**PROBLEM STATEMENT**
Up to and including the line with "doc.linetypes.add('DOTE', pattern=[2.42, 2, -0.2, 0.02, -0.2])", please reproduce the lines below exactly, beginning with the first.

(SOURCE INFORMATION Opens)

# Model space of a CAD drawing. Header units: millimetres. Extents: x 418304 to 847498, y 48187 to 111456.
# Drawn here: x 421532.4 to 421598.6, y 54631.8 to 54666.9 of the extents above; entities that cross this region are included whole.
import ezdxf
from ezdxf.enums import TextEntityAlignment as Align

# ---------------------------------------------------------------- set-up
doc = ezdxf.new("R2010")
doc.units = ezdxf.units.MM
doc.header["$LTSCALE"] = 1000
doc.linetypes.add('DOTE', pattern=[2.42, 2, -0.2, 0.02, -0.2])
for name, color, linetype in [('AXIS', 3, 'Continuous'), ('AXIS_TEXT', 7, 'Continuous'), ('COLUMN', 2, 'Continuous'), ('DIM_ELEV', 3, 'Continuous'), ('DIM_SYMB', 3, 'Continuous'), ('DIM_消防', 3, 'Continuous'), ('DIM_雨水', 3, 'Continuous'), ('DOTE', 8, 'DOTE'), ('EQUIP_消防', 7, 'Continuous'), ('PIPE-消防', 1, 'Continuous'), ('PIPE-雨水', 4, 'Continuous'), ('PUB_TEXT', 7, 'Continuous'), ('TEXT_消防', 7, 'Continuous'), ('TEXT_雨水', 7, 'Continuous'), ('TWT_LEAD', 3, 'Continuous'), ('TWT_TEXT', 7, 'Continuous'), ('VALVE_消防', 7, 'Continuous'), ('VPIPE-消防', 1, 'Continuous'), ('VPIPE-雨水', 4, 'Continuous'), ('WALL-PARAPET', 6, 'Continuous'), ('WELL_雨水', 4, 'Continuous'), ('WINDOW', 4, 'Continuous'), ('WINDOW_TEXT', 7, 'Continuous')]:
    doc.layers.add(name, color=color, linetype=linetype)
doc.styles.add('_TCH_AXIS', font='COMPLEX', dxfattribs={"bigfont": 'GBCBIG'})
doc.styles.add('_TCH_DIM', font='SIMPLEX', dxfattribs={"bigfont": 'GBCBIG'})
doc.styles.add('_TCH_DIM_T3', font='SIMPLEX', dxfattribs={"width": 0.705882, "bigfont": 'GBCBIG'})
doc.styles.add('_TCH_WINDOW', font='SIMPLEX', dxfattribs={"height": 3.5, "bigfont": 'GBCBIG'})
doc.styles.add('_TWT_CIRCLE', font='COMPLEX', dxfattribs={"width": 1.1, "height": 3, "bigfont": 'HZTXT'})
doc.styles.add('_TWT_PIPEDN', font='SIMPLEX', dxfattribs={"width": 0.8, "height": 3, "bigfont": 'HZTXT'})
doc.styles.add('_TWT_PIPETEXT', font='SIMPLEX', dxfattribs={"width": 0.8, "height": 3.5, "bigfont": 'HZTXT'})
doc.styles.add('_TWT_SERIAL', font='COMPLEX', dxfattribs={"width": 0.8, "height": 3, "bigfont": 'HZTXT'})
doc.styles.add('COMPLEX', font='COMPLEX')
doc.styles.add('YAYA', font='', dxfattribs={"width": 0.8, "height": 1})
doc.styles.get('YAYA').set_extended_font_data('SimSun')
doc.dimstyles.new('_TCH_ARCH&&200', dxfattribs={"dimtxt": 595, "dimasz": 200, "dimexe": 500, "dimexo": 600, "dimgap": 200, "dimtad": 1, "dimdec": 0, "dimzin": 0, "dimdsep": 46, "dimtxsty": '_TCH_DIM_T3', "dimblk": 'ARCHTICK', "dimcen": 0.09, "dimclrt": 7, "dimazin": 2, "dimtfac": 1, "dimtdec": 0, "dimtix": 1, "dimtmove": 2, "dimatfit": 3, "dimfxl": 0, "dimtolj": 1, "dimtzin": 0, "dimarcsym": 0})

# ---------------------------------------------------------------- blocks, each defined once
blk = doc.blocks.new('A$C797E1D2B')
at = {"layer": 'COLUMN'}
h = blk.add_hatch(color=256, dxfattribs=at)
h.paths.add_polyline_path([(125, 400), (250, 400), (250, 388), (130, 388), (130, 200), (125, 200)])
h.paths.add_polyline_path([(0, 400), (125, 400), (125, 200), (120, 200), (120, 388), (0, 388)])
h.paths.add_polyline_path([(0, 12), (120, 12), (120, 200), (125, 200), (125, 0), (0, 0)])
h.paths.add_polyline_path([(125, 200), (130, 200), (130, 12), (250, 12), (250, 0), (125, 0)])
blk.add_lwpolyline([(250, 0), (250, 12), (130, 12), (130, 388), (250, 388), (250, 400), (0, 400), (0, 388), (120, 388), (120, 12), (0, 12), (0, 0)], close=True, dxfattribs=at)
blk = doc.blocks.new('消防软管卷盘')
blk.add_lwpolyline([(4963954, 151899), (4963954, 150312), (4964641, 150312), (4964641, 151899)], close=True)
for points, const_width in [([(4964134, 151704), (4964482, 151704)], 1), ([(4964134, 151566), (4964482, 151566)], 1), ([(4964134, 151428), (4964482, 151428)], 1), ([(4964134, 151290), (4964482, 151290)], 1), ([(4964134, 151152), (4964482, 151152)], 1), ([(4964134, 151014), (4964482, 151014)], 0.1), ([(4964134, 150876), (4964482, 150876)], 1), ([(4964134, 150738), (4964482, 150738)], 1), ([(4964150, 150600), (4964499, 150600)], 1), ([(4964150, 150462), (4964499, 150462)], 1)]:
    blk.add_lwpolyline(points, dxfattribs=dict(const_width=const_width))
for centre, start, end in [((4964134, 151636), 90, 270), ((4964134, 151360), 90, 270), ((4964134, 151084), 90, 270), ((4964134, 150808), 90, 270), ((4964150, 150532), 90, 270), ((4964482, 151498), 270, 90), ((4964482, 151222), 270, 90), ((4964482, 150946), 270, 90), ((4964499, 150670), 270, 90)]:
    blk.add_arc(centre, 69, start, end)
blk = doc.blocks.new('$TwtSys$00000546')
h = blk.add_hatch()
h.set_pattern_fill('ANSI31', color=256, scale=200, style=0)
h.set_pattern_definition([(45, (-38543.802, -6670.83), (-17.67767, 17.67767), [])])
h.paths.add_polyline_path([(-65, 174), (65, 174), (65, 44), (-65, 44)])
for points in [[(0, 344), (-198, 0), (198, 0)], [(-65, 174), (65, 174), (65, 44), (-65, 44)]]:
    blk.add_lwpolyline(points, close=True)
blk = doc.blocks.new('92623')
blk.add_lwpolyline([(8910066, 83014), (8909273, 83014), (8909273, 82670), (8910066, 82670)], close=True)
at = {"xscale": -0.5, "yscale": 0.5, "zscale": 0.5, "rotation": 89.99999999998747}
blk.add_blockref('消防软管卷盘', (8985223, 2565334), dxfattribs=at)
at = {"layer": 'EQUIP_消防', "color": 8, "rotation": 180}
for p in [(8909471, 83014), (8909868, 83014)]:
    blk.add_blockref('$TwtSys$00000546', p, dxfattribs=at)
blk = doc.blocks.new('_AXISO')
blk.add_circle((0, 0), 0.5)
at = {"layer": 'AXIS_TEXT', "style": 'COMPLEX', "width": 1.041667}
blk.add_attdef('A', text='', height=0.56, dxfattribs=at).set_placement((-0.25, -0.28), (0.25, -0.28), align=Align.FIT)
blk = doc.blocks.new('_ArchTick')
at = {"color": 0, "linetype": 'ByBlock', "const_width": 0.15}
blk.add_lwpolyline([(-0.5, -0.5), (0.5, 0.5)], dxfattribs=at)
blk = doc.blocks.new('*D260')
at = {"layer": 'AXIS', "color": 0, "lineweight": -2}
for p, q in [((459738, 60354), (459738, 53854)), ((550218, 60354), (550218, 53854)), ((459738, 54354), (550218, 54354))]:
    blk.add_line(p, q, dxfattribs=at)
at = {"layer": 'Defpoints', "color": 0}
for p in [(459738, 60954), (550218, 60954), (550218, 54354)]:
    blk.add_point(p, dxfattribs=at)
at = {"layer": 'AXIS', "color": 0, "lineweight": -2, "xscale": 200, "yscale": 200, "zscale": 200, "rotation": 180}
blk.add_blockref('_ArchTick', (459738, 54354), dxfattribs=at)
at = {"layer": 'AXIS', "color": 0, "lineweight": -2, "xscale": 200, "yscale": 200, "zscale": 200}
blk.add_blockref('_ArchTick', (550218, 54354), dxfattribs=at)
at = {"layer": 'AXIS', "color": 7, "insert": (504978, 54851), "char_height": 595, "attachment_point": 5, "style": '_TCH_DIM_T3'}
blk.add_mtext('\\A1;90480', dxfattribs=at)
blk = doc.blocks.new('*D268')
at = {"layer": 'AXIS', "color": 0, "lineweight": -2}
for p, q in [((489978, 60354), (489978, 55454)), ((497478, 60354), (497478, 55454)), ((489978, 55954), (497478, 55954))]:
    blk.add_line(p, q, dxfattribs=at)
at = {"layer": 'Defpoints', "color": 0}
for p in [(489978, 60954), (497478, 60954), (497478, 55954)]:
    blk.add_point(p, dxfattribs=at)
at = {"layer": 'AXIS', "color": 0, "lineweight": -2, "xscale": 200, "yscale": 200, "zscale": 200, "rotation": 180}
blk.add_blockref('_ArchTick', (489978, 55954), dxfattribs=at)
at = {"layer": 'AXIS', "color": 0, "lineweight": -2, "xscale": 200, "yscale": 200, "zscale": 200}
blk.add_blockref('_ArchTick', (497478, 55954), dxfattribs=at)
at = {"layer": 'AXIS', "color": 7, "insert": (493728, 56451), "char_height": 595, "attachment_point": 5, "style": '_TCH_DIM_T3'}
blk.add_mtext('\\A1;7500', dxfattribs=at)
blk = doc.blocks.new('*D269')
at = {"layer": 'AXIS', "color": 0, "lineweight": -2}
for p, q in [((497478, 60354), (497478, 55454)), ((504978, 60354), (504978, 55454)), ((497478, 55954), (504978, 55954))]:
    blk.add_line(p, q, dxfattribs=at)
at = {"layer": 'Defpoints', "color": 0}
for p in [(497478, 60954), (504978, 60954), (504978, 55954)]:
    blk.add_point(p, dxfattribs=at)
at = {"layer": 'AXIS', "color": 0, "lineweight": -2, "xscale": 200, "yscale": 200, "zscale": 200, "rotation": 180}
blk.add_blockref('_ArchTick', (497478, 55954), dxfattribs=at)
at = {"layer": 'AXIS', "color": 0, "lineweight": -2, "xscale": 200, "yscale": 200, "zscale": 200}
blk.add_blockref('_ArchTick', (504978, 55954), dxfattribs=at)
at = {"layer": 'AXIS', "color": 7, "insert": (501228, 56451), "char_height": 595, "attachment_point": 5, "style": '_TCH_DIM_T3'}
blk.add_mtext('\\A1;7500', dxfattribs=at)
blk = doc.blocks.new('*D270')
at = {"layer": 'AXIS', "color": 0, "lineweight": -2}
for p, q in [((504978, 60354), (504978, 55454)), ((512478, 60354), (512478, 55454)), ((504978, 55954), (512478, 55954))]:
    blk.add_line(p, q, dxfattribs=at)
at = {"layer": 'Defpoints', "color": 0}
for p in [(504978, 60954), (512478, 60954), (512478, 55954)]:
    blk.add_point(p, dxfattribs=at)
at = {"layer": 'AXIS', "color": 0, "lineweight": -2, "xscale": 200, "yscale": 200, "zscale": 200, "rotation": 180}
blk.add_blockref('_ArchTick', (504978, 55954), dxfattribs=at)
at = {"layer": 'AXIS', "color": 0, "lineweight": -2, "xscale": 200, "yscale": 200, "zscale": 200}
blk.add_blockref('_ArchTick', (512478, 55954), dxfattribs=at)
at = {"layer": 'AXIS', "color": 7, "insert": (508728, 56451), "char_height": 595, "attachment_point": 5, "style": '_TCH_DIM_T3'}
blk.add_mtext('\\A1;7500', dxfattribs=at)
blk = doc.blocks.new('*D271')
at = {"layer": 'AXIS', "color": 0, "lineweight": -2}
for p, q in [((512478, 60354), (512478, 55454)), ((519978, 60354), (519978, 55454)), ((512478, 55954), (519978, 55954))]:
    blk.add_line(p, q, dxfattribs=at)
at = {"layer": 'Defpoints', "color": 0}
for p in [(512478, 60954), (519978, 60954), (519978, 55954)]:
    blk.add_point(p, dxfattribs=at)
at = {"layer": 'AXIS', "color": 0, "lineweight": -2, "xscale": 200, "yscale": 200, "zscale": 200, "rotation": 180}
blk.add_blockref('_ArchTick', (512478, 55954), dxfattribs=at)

(SOURCE INFORMATION Closes)

**SOLUTION FOR THIS TASK**
# Model space of a CAD drawing. Header units: millimetres. Extents: x 418304 to 847498, y 48187 to 111456.
# Drawn here: x 421532.4 to 421598.6, y 54631.8 to 54666.9 of the extents above; entities that cross this region are included whole.
import ezdxf
from ezdxf.enums import TextEntityAlignment as Align

# ---------------------------------------------------------------- set-up
doc = ezdxf.new("R2010")
doc.units = ezdxf.units.MM
doc.header["$LTSCALE"] = 1000
doc.linetypes.add('DOTE', pattern=[2.42, 2, -0.2, 0.02, -0.2])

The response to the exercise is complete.